Beberapa dari 18.288 hadirin menyanyikan “Huuuuuughhhes! Huuuuuughhhes!” sebelum berubah menjadi “USA! USA!,” membuat Hughes sedikit lengah.
“Saya berpikir untuk memasuki pertandingan, saya tahu mereka akan melakukan sesuatu, tapi yang jelas, Anda tahu, Crosby adalah atlet terbesar di sini,” kata Hughes, yang memberikan assist pada gol tunggal New Jersey saat kalah 4-1 dari Penguins. “Jadi saya yakin mereka juga bersorak untuk Kanada, tapi tentu saja banyak orang Amerika yang bangga hadir malam ini. Dan itu adalah sesuatu yang akan selalu saya ingat.”
Penggemar Pittsburgh melakukan hal serupa 16 tahun yang lalu untuk penjaga gawang Buffalo Sabres Ryan Miller, yang berada di pihak yang salah dalam “gol emas” Crosby untuk Tim Kanada yang menutup Olimpiade 2010 di Vancouver.
Miller dan tim Tim USA harus puas dengan medali perak. Hughes mengukir ruangnya sendiri dalam pengetahuan Olimpiade AS dan meraih emas dalam prosesnya dengan skor perpanjangan waktu di Italia. Beberapa hari terakhir ini merupakan hari-hari yang penuh gejolak, termasuk perjalanan ke Gedung Putih dan penampilan cameo di State of the Union Presiden Donald Trump.
Hughes dirayakan di rumahnya di New Jersey pada hari Rabu. Menerima sambutan yang sama melawan rival Divisi Metropolitan, dengan peluang lain pada hari Sabtu ketika Setan mengunjungi St. Louis, bukanlah sesuatu yang dia antisipasi.
“Jelas, ini tidak akan bertahan selamanya, tapi sangat keren,” katanya.
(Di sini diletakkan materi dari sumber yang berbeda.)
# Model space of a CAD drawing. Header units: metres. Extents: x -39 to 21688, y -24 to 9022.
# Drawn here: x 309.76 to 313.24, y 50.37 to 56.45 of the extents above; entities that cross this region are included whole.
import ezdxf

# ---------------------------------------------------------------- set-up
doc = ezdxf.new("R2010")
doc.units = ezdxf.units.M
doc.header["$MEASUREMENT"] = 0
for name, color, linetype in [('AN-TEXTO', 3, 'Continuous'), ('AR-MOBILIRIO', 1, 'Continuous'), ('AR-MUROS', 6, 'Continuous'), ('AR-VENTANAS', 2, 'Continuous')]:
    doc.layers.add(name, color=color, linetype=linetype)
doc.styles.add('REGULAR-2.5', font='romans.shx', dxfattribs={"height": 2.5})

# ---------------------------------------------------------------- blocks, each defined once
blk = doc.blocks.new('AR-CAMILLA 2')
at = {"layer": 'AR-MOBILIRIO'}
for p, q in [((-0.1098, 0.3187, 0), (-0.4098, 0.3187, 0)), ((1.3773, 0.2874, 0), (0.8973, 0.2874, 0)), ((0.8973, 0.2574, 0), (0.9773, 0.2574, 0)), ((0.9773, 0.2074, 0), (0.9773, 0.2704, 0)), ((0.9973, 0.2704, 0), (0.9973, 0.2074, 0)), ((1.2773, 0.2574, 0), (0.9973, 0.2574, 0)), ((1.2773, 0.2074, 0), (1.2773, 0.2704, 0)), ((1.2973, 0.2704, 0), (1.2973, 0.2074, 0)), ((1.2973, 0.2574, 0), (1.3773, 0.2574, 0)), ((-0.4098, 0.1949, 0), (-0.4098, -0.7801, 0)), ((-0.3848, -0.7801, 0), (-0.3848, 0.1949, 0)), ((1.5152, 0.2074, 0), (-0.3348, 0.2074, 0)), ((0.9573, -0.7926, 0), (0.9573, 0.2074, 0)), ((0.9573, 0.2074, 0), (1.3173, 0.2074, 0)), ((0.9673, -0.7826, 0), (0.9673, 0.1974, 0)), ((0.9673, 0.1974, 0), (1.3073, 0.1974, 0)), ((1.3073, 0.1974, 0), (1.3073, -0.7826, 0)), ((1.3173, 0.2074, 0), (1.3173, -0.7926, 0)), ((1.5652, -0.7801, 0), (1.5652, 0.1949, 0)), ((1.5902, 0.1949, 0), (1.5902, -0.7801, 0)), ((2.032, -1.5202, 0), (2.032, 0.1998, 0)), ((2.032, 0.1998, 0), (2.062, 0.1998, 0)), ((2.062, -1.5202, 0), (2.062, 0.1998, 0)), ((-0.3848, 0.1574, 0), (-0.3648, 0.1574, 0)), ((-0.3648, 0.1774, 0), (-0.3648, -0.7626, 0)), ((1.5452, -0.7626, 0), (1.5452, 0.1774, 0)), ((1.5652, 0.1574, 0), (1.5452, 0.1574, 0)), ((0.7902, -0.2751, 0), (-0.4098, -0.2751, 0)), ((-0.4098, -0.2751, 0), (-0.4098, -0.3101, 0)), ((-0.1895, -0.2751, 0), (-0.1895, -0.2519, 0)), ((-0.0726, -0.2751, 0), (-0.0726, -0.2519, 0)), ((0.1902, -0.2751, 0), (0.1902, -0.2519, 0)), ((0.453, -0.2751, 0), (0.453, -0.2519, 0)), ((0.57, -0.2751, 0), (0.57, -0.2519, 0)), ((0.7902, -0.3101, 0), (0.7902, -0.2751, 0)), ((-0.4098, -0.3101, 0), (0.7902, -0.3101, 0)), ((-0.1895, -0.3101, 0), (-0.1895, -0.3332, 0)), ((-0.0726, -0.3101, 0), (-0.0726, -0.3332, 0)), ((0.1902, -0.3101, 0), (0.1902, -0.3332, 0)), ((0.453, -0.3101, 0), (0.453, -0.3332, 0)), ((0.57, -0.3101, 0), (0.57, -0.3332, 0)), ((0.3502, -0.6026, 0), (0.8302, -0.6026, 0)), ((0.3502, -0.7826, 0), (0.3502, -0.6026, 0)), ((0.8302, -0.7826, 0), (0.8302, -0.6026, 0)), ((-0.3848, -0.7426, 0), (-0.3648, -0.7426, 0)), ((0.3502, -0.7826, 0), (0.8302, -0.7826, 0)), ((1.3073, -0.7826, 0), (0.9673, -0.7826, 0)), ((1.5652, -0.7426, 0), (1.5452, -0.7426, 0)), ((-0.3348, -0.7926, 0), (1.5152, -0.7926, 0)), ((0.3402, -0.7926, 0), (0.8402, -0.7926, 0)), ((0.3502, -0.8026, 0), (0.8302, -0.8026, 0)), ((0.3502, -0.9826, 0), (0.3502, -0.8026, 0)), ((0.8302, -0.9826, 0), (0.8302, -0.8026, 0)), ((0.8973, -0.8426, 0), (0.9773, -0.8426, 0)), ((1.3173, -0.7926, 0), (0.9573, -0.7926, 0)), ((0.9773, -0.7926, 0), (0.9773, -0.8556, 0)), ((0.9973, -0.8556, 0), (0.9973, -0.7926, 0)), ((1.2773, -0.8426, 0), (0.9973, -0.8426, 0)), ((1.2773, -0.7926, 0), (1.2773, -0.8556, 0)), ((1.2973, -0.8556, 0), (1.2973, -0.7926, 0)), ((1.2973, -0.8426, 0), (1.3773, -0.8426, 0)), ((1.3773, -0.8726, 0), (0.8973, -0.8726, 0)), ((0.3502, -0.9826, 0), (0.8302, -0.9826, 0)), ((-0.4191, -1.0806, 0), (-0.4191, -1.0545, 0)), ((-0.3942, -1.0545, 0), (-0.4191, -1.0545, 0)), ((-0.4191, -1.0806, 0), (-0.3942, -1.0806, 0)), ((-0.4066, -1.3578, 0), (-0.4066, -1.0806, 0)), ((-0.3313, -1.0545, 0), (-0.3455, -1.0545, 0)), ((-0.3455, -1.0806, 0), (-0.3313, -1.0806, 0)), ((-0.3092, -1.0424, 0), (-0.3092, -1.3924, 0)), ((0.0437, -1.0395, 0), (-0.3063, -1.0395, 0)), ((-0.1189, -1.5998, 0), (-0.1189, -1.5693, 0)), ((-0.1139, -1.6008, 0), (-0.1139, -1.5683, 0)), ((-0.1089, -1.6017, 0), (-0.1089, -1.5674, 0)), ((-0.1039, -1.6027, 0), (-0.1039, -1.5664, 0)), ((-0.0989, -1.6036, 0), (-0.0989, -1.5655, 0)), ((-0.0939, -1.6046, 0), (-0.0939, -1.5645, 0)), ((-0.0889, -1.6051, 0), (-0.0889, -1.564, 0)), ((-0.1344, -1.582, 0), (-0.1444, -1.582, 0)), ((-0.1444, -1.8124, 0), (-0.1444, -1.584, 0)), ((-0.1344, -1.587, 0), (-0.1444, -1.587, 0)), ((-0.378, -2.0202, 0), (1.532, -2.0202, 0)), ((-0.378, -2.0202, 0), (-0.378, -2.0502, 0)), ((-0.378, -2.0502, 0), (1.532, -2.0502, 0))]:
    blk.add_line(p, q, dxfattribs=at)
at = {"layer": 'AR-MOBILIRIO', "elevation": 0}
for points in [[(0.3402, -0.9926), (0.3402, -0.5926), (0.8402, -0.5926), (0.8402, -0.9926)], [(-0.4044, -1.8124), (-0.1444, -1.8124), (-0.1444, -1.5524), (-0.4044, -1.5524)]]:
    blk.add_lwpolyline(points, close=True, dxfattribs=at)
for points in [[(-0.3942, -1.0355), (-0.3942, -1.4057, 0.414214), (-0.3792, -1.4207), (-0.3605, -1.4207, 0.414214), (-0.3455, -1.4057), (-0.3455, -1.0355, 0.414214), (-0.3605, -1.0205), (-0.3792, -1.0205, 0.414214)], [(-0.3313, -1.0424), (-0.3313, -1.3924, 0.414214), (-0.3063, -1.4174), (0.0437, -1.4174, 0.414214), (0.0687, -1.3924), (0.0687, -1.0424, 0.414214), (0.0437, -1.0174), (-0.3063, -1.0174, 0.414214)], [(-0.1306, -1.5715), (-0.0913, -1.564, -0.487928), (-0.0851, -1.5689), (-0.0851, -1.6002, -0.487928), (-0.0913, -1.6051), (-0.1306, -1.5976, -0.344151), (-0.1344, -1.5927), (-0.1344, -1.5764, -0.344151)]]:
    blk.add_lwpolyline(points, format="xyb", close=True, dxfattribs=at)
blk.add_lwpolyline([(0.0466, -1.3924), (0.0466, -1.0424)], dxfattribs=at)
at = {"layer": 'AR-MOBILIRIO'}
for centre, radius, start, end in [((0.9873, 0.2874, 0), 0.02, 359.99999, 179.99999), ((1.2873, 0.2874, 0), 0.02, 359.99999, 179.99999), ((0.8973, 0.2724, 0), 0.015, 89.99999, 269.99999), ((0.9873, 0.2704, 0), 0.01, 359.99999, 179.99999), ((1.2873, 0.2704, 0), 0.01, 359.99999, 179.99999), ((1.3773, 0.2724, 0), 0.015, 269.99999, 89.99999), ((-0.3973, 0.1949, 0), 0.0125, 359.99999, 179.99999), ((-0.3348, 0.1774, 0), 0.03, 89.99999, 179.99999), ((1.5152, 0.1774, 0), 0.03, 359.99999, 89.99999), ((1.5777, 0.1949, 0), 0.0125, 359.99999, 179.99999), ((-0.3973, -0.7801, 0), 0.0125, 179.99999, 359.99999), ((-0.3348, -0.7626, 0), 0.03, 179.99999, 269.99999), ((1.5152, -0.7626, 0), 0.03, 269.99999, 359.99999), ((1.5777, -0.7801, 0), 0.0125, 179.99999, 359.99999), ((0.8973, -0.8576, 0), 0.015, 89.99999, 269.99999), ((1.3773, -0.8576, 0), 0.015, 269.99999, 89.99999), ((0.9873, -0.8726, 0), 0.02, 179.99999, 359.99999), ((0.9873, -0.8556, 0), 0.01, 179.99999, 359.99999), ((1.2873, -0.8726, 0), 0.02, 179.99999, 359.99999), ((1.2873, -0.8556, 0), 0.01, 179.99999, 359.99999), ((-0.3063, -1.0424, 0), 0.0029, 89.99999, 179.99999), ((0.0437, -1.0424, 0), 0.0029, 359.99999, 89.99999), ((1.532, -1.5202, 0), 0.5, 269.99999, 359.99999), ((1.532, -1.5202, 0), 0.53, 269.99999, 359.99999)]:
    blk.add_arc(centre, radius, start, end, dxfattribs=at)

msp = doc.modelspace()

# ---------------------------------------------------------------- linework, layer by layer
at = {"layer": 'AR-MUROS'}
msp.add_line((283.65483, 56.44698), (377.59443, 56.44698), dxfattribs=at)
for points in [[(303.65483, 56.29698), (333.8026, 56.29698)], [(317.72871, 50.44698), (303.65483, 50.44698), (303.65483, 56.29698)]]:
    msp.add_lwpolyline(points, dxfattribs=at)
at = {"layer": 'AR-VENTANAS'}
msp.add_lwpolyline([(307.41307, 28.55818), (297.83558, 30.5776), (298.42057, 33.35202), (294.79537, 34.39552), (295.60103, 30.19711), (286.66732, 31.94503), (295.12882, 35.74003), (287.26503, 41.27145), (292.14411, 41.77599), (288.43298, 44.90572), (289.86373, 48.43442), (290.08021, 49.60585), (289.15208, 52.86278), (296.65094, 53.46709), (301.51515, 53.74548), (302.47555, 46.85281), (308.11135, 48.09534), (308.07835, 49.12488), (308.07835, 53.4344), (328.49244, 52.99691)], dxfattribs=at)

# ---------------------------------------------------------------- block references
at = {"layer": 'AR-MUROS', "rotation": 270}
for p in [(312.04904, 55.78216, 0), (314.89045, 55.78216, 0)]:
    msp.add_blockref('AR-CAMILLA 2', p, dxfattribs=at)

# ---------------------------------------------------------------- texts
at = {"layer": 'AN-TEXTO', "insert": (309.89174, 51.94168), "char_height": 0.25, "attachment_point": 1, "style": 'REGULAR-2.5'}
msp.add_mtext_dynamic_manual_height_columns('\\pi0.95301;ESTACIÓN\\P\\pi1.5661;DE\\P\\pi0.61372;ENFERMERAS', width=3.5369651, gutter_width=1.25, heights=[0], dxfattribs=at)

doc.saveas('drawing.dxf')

Hughes mengakui bahwa kecepatan yang ada belum memungkinkan dia untuk memproses semuanya. Meskipun memasuki kembali musim reguler NHL merupakan tantangan setelah apa yang disebutnya “mungkin momen terbaik dalam hidup saya,” waktunya di arena telah memberinya rutinitas yang disambut baik.
“Hal terbaik yang terjadi pada saya adalah kembali ke atas es dan bermain,” katanya. “Supaya saya tidak punya gangguan selama empat atau lima jam.”
___
AP NHL: https://apnews.com/hub/nhl
Hak Cipta 2026 Associated Press. Semua hak dilindungi undang-undang. Materi ini tidak boleh dipublikasikan, disiarkan, ditulis ulang, atau didistribusikan ulang tanpa izin.